Many of the newer design tools such as Figma, XD, InVision studio and others don't support colour management, and also lack the colour management options found in Photoshop’s ‘save for web’. (Note that Invision Studio has now made the first steps towards this).

As of mid 2018, Sketch now supports colour management. So is this important or should we ignore it? 

For the purpose of this article I’m mainly concerned with making sure that the colour of our exported assets match the colour of our hex values set in CSS. To understand how to do this, we need to broadly understand the concept of colour profiles.

Colour profiles are much more complicated than how I’m explaining them here but you can think of them as the way a screen knows what #FF0000 means and how to display that colour. To understand what I mean by ‘complicated’ please read the articles at the bottom of this one. They explain this in much better detail than my article and I wouldn’t have been able to write this without them.

The main point to understand is that when we set a colour such as #FF0000 this is meaningless without a colour profile. You might as well set the colour to “50 bamboozles”. It's the colour profile of the monitor that converts this into what we see.

So, when you set a colour of #FF0000 in CSS what profile is the monitor using to know what shade/hue/interpretation of red to display? The short answer is that we don’t know for sure because different screens, devices and browsers treat profiles differently. 

According to the W3C, any styling should be set in sRGB. That would include SVGs because colour values are coded and declared within the SVG file. However, not all browsers interpret these values using sRGB. 

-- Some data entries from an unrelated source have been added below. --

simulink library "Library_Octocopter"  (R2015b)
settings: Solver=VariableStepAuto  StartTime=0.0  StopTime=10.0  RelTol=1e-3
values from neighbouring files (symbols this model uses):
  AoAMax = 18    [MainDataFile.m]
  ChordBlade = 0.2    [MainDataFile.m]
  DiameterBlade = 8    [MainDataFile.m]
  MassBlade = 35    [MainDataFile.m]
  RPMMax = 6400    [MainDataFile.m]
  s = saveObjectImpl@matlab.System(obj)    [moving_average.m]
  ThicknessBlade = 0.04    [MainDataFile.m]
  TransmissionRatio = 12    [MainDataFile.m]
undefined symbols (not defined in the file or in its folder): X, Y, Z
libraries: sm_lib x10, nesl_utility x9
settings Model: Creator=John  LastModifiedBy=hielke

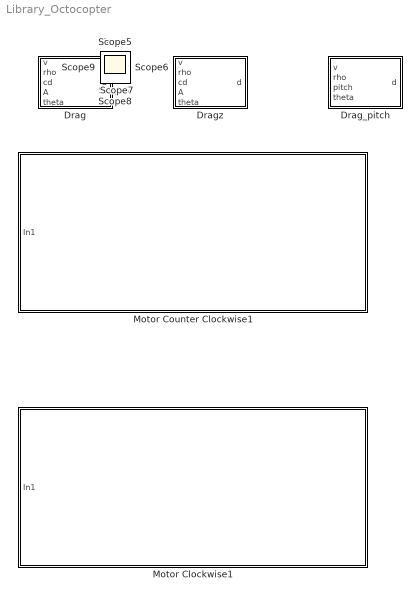
== system Library_Octocopter ==
  Drag : MATLAB Function  TreatAsAtomicUnit=on  SystemSampleTime=1
      settings: MinAlgLoopOccurrences=on  RTWSystemCode=Inline
  Drag_pitch : MATLAB Function  TreatAsAtomicUnit=on  SystemSampleTime=1
      settings: MinAlgLoopOccurrences=on  RTWSystemCode=Inline
  "Dragz " : MATLAB Function  TreatAsAtomicUnit=on  SystemSampleTime=1
      settings: MinAlgLoopOccurrences=on  RTWSystemCode=Inline
  Motor Clockwise1 : Subsystem
  Motor Counter Clockwise1 : Subsystem
  Scope{,1..9} (10 alike) : Scope

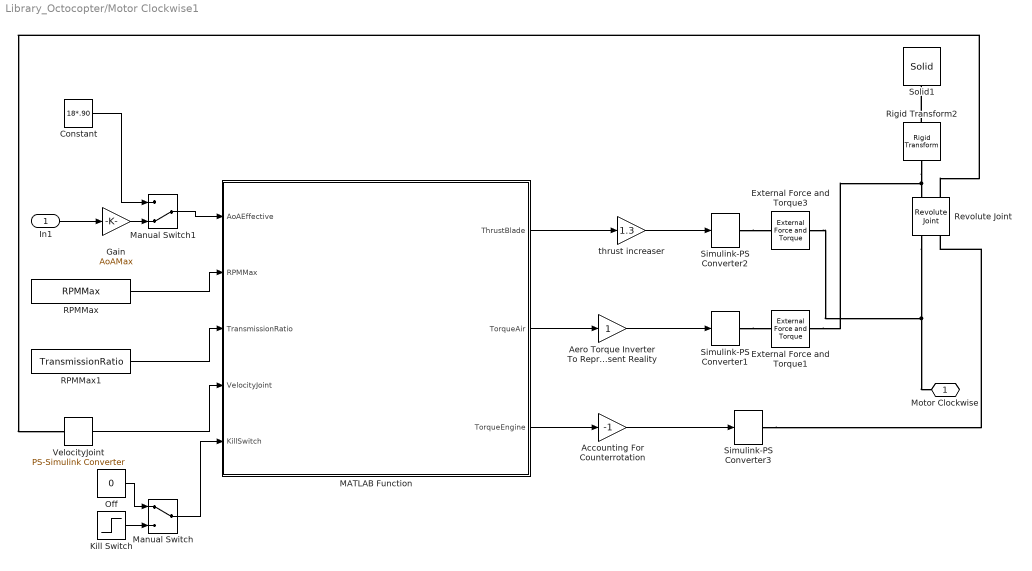
== system Library_Octocopter/Motor Clockwise1 ==
  In1 : Inport
  Accounting For Counterrotation : Gain  Gain=-1
  Aero Torque Inverter To Represent Reality : Gain
  Constant : Constant  Value=18*.90
  External Force and Torque1 : sm_lib/Forces and Torques/External Force and Torque  ForceResolutionFrame=AttachedFrame  EnableForceX=off  EnableForceY=off  EnableForceZ=off  EnableForce=off  TorqueResolutionFrame=AttachedFrame  EnableTorqueX=off  EnableTorqueY=off  EnableTorqueZ=on  EnableTorque=off  BlockFunction=simmechanics.library.forces_torques.external_force_torque
  External Force and Torque3 : sm_lib/Forces and Torques/External Force and Torque  ForceResolutionFrame=AttachedFrame  EnableForceX=off  EnableForceY=off  EnableForceZ=on  EnableForce=off  TorqueResolutionFrame=AttachedFrame  EnableTorqueX=off  EnableTorqueY=off  EnableTorqueZ=off  EnableTorque=off  BlockFunction=simmechanics.library.forces_torques.external_force_torque
  Gain : Gain  Gain=AoAMax
  Kill Switch : Step  Time=10
  MATLAB Function : MATLAB Function  TreatAsAtomicUnit=on
  Manual Switch : ManualSwitch
  Manual Switch1 : ManualSwitch  CurrentSetting=0
  Off : Constant  Value=0
  RPMMax : Constant  Value=RPMMax
  RPMMax1 : Constant  Value=TransmissionRatio
  Revolute Joint : sm_lib/Joints/Revolute Joint  SenseConstraintForce=off  SenseConstraintForceX=off  SenseConstraintForceY=off  SenseConstraintForceZ=off  SenseConstraintTorque=off  SenseConstraintTorqueX=off  SenseConstraintTorqueY=off  SenseConstraintTorqueZ=off  SenseTotalForce=off  SenseTotalForceX=off  SenseTotalForceY=off  SenseTotalForceZ=off  SenseTotalTorque=off  SenseTotalTorqueX=off  SenseTotalTorqueY=off  SenseTotalTorqueZ=off  CompositeWrenchDir=FollowerOnBase  CompositeWrenchFrame=BaseFrame  EquilibriumPosition=0  EquilibriumPositionUnits=deg  SpringStiffness=0  SpringStiffnessUnits=N*m/deg  DampingCoefficient=0  DampingCoefficientUnits=N*m/(deg/s)  TorqueActuationMode=InputTorque  MotionActuationMode=ComputedMotion  SensePosition=off  SenseVelocity=on  SenseAcceleration=off  SenseTorqueForce=off  PositionTargetSpecify=off  PositionTargetPriority=High  PositionTargetValue=0  PositionTargetValueUnits=deg  VelocityTargetSpecify=off  VelocityTargetPriority=High  VelocityTargetValue=0  VelocityTargetValueUnits=deg/s  BlockFunction=simmechanics.library.joints.revolute_joint
  Rigid Transform2 : sm_lib/Frames and Transforms/Rigid Transform  TranslationMethod=None  TranslationLengthUnit=m  TranslationStandardAxis=+Z  TranslationStandardOffset=0  TranslationCartesianOffset=[0 0 0]  TranslationROffset=0  TranslationROffsetUnits=m  TranslationZOffset=0  TranslationZOffsetUnits=m  TranslationThetaOffset=0  TranslationThetaOffsetUnits=deg  RotationMethod=StandardAxis  RotationAngleUnits=deg  RotationStandardAxis=+X  RotationAngle=90  RotationArbitraryAxis=[0 0 1]  FollAlignAxisA=+X  BaseAlignAxisA=+Y  FollAlignAxisB=+Y  BaseAlignAxisB=+Z  RotationSequenceAxes=FollowerAxes  RotationSequence=XYX  RotationSequenceAngles=[0 0 0]  RotationSequenceAnglesUnits=deg  RotationMatrix=[1 0 0; 0 1 0; 0 0 1]  BlockFunction=simmechanics.library.frames_transforms.rigid_transform
  Simulink-PS Converter1 : nesl_utility/Simulink-PS Converter  PhysicalDomain=network_engine_domain  SubClassName=ps_input  LeftPortType=input  RightPortType=output  PseudoPeriodic=off  Frequencies=[]  NoiseDistribution=none  NoiseParameters=[]  Unit=1  AffineConversion=off  InputFiltering=off  SimscapeFilterOrder=1  InputFilterTimeConstant=0.001  UdotUserProvided=1
  Simulink-PS Converter2 : nesl_utility/Simulink-PS Converter  PhysicalDomain=network_engine_domain  SubClassName=ps_input  LeftPortType=input  RightPortType=output  PseudoPeriodic=off  Frequencies=[]  NoiseDistribution=none  NoiseParameters=[]  Unit=1  AffineConversion=off  InputFiltering=off  SimscapeFilterOrder=1  InputFilterTimeConstant=0.001  UdotUserProvided=1
  Simulink-PS Converter3 : nesl_utility/Simulink-PS Converter  PhysicalDomain=network_engine_domain  SubClassName=ps_input  LeftPortType=input  RightPortType=output  PseudoPeriodic=off  Frequencies=[]  NoiseDistribution=none  NoiseParameters=[]  Unit=1  AffineConversion=off  InputFiltering=off  SimscapeFilterOrder=1  InputFilterTimeConstant=0.001  UdotUserProvided=1
  Solid1 : sm_lib/Body Elements/Solid  InertiaType=CalculateFromGeometry  Mass=MassBlade  MassUnits=kg  CenterOfMass=[0 0 0]  CenterOfMassUnits=m  MomentsOfInertia=[1 1 1]  MomentsOfInertiaUnits=kg*m^2  ProductsOfInertia=[0 0 0]  ProductsOfInertiaUnits=kg*m^2  DensityBased=off  Density=DensityBlade  DensityUnits=kg/(m^3)  DoExposeReferenceFrame=on  SerializedFrames=<Frames/>  GraphicType=FromGeometry  MarkerShape=Sphere  MarkerSize=10  MarkerSizeUnits=m  GraphicVisPropType=SimpleVisualProperties  GraphicDiffuseColor=[0.5 0.5 0.5]  GraphicSpecularColor=[0.5 0.5 0.5 1.0]  GraphicAmbientColor=[0.15 0.15 0.15 1.0]  GraphicEmissiveColor=[0.0 0.0 0.0 1.0]  GraphicShininess=75  GraphicOpacity=1.0  GeometryShape=Ellipsoid  RectangleSize=[1 1]  RectangleSizeUnits=m  BrickDimensions=[1 1 1]  BrickDimensionUnits=m  CylinderRadius=1  CylinderRadiusUnits=m  CylinderLength=1  CylinderLengthUnits=m  SphereRadius=1  SphereRadiusUnits=m  EllipsoidRadii=[DiameterBlade/2 ThicknessBlade/2 ChordBlade/2]  EllipsoidRadiiUnits=m  ExtrusionCrossSection=[1 1; -1 1; -1 -1; 1 -1]  ExtrusionCrossSectionUnits=m  ExtrusionLength=1  ExtrusionLengthUnits=m  PolygonNumSides=3  PolygonOuterRadius=1  PolygonOuterRadiusUnits=m  ExtGeomFileType=STL  ExtGeomFileName=Helice_Valor predeterminado_sldprt.STL  ExtGeomFileUnits=m  RevolutionCrossSection=[1 1; 1 -1; 2 -1; 2 1]  RevolutionCrossSectionUnits=m  RevolutionExtent=Full  RevolutionAngle=180  RevolutionAngleUnits=deg  BlockFunction=simmechanics.library.body_elements.solid
  VelocityJoint : nesl_utility/PS-Simulink Converter  PhysicalDomain=network_engine_domain  SubClassName=ps_output  LeftPortType=input  RightPortType=output  PseudoPeriodic=off  Frequencies=[]  Unit=1  AffineConversion=off
  thrust increaser : Gain  Gain=1.3
  Motor Clockwise : PMIOPort  Port=1  Side=Right
  wires:
  Accounting For Counterrotation/1 -> Simulink-PS Converter3/1
  MATLAB Function/1(ThrustBlade) -> thrust increaser/1
  In1/1 -> Gain/1
  RPMMax/1 -> MATLAB Function/2(RPMMax)
  RPMMax1/1 -> MATLAB Function/3(TransmissionRatio)
  MATLAB Function/2(TorqueAir) -> Aero Torque Inverter To Represent Reality/1
  Aero Torque Inverter To Represent Reality/1 -> Simulink-PS Converter1/1
  VelocityJoint/1 -> MATLAB Function/4(VelocityJoint)
  MATLAB Function/3(TorqueEngine) -> Accounting For Counterrotation/1
  Kill Switch/1 -> Manual Switch/2
  Off/1 -> Manual Switch/1
  Manual Switch/1 -> MATLAB Function/5(KillSwitch)
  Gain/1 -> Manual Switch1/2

So what about assets such as JPGs and PNGs? Again - in true classic web design article fashion: “It depends”.

JPGs and PNGs can contain code within them that tell the browser which profile to use - so in theory if a png contains a profile telling it to display as sRGB, the browser will display that as sRGB. When an image doesn't contain this information, almost all browsers treat the file as sRGB. For this reason, it's common practice to and typically safe to not embed a colour profile to keep the file size small.

If most browsers use sRGB to interpret CSS and SVG values, then it makes sense to colour manage documents. This means that if you open up Sketch and set a hex value, your screen uses the sRGB colour profile to interpret the value into a colour to display. Therefore, the colour you see in sketch should broadly match what you see in the browser which is also using sRGB. It also means that if you save a png with that same hex code from Sketch, the colour should match the one set using the same hex code in CSS - whether it is tagged with a profile or not.

To illustrate why this is important, I’ll use a real world example that we had.

Wide Gamut Displays

One of our designers has a wide gamut display screen. That means that his screen can display more colours than many of the other screens in the studio. When he chose a very saturated red for a design in Sketch but used the hex value in browser, the browser red was noticeably duller.

This was because Sketch was using the monitor's colour profile (set to a wide gamut) so has more saturated reds available, and the browser was using sRGB which wasn't displaying those reds.

When opening up that same Sketch document on other computers who’s screens have a non wide gamut display, the colours were again dulled.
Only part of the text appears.